CloudTrail Lake est également intégré à certains partenaires AWS, tels que Cloud Storage Safety, Clumio, CrowdStrike, CyberArk, GitHub, Kong Inc, LaunchDarkly, MontyCloud, Netskope, Nordcloud, Okta, One Id, Shoreline.io, Snyk et Wiz, permettant vous permet d’activer facilement la journalisation d’audit by way of la console CloudTrail.
Commencer à intégrer des sources externes
Vous pouvez commencer à ingérer des événements d’activité à partir de vos propres sources de données ou d’purposes partenaires en choisissant Intégrations sous le Lac menus dans le Console AWS CloudTrail.
Pour créer une nouvelle intégration, choisissez Ajouter une intégration et saisissez le nom de votre chaîne. Vous pouvez choisir la supply d’utility partenaire à partir de laquelle vous souhaitez obtenir des événements. Si vous intégrez des événements à partir de vos propres purposes hébergées sur web site ou dans le cloud, choisissez Mon intégration personnalisée.

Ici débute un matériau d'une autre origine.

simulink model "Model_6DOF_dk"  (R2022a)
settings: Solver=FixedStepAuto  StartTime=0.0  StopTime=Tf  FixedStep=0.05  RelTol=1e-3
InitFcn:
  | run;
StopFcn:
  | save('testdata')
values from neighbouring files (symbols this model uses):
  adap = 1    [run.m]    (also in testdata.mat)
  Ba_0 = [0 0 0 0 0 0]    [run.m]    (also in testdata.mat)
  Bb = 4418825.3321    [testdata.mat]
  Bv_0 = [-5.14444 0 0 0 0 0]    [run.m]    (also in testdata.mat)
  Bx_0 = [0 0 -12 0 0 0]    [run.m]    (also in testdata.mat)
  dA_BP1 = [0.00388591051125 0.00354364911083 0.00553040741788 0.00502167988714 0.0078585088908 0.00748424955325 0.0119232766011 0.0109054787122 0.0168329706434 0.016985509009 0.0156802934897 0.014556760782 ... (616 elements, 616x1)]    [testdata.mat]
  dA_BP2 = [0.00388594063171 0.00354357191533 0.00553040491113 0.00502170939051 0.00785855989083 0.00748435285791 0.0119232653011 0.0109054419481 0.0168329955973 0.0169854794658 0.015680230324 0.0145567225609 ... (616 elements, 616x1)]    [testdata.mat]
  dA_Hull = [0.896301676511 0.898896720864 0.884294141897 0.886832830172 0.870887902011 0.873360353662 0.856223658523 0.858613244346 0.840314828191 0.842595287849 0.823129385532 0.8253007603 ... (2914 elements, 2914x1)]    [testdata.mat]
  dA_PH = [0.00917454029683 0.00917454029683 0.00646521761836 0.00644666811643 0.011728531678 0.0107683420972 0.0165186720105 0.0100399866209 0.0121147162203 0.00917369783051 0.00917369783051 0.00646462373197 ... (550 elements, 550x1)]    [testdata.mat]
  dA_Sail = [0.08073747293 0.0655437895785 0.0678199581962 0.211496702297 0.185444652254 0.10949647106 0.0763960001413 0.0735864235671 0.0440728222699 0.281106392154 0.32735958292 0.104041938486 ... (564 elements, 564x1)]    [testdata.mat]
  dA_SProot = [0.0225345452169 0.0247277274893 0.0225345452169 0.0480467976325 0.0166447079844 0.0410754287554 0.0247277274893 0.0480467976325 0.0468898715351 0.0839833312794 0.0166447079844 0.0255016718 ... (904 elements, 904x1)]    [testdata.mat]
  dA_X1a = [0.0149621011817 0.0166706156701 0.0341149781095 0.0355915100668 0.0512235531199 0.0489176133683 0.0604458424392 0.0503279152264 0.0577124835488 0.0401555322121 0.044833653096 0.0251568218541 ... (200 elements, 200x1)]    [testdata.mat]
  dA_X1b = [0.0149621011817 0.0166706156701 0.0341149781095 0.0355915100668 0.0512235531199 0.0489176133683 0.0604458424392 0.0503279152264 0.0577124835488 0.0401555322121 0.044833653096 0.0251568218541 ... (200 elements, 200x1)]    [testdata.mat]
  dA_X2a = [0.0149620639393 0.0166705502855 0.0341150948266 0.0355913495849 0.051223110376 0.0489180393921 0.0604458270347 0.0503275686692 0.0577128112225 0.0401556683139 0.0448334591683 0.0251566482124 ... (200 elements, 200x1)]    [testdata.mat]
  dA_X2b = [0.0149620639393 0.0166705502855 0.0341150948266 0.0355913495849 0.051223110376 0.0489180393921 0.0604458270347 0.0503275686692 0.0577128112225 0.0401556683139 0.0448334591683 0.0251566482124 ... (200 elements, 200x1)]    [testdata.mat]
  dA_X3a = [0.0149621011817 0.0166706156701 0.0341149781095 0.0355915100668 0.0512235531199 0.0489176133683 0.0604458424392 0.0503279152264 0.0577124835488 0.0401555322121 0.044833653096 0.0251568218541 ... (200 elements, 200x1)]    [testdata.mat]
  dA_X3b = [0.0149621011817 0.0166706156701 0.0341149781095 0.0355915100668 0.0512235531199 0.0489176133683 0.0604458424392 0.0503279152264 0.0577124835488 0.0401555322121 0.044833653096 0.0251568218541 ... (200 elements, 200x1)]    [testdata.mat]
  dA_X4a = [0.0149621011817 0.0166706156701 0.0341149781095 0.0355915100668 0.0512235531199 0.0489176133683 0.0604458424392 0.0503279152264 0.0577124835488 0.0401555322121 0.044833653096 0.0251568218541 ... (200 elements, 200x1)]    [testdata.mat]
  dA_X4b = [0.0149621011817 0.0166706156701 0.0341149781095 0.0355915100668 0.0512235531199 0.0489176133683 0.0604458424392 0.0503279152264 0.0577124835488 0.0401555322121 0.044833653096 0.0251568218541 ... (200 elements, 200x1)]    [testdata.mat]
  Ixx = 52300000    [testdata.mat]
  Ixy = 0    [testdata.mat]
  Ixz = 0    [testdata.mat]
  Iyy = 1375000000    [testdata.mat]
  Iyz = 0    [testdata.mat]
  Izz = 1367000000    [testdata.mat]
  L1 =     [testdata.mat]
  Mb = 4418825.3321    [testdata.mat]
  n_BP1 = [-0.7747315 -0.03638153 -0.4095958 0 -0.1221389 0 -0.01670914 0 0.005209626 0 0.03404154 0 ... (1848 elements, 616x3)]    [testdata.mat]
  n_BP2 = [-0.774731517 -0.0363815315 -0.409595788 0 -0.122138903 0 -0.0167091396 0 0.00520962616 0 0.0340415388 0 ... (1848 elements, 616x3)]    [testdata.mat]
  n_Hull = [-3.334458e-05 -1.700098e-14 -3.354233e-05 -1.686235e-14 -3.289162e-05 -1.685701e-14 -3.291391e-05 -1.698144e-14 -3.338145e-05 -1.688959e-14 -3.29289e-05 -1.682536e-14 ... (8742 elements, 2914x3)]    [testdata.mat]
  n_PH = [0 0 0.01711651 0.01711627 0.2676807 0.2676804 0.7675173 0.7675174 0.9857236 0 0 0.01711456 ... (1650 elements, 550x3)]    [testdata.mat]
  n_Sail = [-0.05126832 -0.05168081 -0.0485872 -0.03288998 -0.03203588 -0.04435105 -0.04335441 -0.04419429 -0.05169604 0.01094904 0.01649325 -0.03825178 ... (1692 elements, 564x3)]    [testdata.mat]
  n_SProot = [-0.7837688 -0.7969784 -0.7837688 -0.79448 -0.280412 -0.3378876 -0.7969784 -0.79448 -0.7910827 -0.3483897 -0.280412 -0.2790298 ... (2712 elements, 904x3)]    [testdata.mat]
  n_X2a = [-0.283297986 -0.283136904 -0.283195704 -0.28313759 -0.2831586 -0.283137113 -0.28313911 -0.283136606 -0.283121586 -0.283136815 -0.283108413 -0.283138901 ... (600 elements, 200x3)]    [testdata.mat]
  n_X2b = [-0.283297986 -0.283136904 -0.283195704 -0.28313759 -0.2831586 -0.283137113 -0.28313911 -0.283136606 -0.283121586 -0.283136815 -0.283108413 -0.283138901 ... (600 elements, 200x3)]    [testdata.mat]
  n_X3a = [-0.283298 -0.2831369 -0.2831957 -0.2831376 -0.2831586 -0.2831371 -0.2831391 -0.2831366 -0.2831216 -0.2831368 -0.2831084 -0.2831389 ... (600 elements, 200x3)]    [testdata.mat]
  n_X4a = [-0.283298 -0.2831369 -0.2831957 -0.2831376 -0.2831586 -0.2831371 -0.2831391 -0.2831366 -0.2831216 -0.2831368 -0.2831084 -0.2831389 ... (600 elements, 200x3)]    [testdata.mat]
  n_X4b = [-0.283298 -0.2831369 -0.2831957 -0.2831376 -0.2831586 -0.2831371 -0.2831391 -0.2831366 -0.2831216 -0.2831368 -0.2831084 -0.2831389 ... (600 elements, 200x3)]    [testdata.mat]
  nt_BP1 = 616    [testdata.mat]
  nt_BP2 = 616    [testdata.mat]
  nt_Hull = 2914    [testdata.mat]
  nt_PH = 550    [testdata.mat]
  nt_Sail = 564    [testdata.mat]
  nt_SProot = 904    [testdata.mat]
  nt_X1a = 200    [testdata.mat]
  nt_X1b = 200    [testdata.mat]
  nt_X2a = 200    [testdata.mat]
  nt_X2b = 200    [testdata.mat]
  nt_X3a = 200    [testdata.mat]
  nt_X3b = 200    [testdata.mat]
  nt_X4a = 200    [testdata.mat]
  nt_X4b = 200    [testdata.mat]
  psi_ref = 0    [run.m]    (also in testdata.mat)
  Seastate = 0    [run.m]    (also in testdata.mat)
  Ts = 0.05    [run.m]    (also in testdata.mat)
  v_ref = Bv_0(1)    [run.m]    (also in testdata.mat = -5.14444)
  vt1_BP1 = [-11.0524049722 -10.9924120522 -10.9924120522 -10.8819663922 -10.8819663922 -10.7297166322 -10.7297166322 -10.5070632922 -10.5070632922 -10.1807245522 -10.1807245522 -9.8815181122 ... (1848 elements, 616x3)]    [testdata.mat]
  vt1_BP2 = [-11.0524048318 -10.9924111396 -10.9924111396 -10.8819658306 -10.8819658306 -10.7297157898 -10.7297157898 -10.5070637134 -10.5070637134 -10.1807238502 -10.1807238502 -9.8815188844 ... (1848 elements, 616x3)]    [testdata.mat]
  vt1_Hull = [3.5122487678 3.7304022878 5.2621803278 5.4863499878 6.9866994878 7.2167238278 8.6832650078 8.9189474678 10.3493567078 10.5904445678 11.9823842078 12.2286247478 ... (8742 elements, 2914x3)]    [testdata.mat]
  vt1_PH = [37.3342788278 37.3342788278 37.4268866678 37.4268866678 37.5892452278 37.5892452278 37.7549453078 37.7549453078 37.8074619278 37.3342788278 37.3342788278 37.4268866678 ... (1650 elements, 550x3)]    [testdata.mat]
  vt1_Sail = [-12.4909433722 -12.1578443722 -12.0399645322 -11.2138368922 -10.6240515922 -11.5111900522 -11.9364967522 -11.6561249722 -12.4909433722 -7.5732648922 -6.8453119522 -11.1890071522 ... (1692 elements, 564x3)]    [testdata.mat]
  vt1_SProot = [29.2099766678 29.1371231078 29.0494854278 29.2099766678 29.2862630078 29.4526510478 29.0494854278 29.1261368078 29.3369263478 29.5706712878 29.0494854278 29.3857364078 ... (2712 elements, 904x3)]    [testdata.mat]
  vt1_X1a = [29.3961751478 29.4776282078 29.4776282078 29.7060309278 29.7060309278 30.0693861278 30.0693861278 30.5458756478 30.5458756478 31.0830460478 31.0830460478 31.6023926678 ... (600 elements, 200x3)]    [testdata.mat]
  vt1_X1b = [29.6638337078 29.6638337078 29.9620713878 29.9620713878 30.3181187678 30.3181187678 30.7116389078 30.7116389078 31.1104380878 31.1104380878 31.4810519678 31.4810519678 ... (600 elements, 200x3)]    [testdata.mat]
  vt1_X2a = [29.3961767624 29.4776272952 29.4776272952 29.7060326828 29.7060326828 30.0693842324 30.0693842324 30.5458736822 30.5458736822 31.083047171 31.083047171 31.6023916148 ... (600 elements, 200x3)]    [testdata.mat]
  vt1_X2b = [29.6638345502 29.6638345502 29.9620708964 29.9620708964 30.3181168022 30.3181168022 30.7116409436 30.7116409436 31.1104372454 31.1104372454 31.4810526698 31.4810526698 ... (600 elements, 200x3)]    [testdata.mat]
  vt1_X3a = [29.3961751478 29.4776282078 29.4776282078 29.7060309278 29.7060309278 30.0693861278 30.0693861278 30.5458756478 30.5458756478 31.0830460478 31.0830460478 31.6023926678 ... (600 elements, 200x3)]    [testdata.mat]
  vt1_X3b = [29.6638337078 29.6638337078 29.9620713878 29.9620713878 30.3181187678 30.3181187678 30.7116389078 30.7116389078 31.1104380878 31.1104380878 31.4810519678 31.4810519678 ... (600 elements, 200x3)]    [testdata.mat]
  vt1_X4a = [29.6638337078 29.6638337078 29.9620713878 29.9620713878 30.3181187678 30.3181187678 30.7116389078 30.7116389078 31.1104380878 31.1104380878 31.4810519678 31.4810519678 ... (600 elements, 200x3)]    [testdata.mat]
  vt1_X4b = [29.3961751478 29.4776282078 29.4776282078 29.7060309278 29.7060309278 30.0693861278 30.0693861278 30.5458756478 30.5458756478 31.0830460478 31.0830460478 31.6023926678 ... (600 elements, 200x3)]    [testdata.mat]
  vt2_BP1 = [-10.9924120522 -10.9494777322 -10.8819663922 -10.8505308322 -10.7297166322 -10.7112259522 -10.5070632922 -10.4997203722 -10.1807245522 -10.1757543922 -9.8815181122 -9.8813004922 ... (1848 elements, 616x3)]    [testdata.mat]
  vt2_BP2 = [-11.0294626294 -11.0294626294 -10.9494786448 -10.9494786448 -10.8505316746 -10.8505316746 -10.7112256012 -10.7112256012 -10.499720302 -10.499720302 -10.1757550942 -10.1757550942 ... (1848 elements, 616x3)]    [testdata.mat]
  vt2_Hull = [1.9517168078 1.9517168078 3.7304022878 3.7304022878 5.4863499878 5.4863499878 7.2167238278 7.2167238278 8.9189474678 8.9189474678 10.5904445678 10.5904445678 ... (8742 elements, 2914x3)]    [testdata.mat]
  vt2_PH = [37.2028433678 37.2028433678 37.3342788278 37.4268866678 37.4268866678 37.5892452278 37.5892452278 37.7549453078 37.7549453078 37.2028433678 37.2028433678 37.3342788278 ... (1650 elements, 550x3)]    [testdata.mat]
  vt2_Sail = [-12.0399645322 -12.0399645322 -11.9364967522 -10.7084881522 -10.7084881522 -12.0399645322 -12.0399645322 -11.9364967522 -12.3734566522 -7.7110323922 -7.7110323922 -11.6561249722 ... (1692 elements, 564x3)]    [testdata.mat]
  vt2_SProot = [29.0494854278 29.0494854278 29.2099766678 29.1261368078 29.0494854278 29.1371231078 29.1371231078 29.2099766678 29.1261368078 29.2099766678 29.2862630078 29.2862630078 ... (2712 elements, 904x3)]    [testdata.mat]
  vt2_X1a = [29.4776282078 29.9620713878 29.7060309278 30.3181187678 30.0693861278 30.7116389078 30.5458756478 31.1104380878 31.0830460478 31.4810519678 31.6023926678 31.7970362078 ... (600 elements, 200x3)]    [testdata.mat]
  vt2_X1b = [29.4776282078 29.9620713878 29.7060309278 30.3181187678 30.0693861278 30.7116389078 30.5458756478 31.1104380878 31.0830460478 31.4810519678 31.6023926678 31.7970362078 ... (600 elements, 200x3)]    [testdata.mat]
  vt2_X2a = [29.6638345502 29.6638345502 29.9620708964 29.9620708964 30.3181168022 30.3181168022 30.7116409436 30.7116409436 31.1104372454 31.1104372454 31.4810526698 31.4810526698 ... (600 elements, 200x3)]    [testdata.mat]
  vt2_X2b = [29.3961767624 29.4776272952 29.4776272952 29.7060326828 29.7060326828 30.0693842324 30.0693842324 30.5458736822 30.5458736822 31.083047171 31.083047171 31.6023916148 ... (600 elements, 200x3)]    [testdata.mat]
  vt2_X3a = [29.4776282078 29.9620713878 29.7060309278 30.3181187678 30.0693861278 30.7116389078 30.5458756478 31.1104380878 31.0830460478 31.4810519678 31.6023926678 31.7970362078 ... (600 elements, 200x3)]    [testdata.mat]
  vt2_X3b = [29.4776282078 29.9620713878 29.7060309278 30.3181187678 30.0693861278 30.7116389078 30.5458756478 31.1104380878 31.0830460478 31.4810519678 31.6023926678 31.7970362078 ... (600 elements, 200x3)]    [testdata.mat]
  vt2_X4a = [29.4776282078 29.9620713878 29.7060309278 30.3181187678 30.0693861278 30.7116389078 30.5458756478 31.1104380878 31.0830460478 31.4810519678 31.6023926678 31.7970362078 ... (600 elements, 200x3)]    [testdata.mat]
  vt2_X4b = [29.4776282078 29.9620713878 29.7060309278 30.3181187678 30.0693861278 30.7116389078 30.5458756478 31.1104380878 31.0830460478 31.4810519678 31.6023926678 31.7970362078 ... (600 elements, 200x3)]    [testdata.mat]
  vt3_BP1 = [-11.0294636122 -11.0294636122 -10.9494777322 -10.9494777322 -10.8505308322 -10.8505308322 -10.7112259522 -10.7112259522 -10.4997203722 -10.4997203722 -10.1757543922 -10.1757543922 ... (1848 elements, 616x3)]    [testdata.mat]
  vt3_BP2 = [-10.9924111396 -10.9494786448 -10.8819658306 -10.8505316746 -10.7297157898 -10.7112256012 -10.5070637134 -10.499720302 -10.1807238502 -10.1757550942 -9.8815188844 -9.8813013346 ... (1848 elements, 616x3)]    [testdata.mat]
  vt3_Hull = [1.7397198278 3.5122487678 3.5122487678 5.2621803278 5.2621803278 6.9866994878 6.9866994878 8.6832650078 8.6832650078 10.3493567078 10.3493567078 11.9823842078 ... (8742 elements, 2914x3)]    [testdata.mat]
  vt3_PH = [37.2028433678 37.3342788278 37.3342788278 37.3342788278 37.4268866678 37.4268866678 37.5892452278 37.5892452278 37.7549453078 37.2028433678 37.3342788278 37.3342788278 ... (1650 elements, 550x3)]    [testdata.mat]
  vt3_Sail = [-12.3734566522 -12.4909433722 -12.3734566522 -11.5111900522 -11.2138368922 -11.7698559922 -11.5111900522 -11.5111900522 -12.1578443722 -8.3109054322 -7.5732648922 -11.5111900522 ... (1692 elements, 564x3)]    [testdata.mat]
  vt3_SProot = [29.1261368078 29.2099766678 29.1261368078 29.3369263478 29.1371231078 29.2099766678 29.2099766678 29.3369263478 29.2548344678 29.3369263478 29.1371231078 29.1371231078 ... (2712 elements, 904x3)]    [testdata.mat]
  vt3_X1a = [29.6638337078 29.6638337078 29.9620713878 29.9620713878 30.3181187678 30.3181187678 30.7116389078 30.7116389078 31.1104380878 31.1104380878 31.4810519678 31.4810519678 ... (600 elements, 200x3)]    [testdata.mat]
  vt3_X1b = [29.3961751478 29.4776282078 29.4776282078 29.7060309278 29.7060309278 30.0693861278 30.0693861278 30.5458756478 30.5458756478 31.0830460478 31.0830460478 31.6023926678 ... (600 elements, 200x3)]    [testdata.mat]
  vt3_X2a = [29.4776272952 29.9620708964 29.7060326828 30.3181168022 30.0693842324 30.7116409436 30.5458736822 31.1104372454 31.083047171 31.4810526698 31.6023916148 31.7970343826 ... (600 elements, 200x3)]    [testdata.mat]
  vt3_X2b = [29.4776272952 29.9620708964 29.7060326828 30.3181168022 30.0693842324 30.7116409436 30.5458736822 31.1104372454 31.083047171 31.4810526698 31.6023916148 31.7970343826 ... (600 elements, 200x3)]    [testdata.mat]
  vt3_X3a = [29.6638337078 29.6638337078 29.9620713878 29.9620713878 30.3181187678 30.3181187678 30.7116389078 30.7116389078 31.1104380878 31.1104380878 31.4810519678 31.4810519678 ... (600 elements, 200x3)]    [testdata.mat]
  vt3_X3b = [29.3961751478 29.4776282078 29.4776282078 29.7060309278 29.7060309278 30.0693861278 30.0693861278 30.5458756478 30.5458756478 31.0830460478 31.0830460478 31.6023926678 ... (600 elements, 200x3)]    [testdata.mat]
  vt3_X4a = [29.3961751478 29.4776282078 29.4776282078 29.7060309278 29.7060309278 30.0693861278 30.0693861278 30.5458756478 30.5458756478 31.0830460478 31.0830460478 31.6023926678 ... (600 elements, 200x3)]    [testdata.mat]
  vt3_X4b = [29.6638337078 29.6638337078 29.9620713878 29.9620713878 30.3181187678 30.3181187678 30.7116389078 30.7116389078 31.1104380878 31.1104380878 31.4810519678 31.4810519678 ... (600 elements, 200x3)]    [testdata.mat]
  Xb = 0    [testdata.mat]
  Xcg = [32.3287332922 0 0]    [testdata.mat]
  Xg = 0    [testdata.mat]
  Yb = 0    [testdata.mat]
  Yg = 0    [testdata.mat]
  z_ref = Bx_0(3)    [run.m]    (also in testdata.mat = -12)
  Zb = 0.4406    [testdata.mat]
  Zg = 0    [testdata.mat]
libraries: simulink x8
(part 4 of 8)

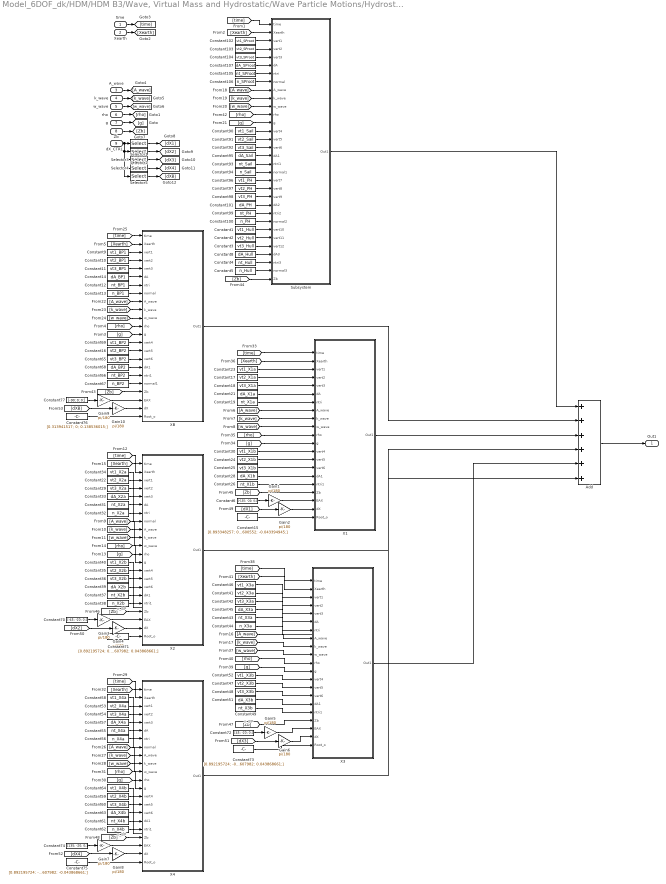
== system Model_6DOF_dk/HDM/HDM B3/Wave, Virtual Mass and Hydrostatic/Wave Particle Motions/Hydrostatic Forces and Moments ==
  note: n_BP
  note: n_BP
  note: n_BP
  time : Inport
  Xearth : Inport  Port=2
  A_wave : Inport  Port=3
  k_wave : Inport  Port=4
  w_wave : Inport  Port=5
  rho : Inport  Port=6
  g : Inport  Port=7
  Zb : Inport  Port=8
  dX_CTRL : Inport  Port=9
  Add : Sum  Inputs=6
  Constant1 : Constant  Value=vt1_Hull
  Constant10 : Constant  Value=vt2_BP1
  Constant100 : Constant  Value=n_PH
  Constant101 : Constant  Value=dA_PH
  Constant102 : Constant  Value=vt1_SProot
  Constant103 : Constant  Value=vt2_SProot
  Constant104 : Constant  Value=vt3_SProot
  Constant105 : Constant  Value=nt_SProot
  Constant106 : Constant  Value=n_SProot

Pour Lieu de livraison de l’événement, vous pouvez choisir des locations pour vos événements à partir de cette intégration. Cela permet à votre utility ou à vos partenaires de diffuser des événements dans votre magasin de données d’événements de CloudTrail Lake. Un magasin de données d’événements peut conserver vos événements d’activité pendant une semaine à sept ans. Vous pouvez ensuite exécuter des requêtes sur le magasin de données d’événements.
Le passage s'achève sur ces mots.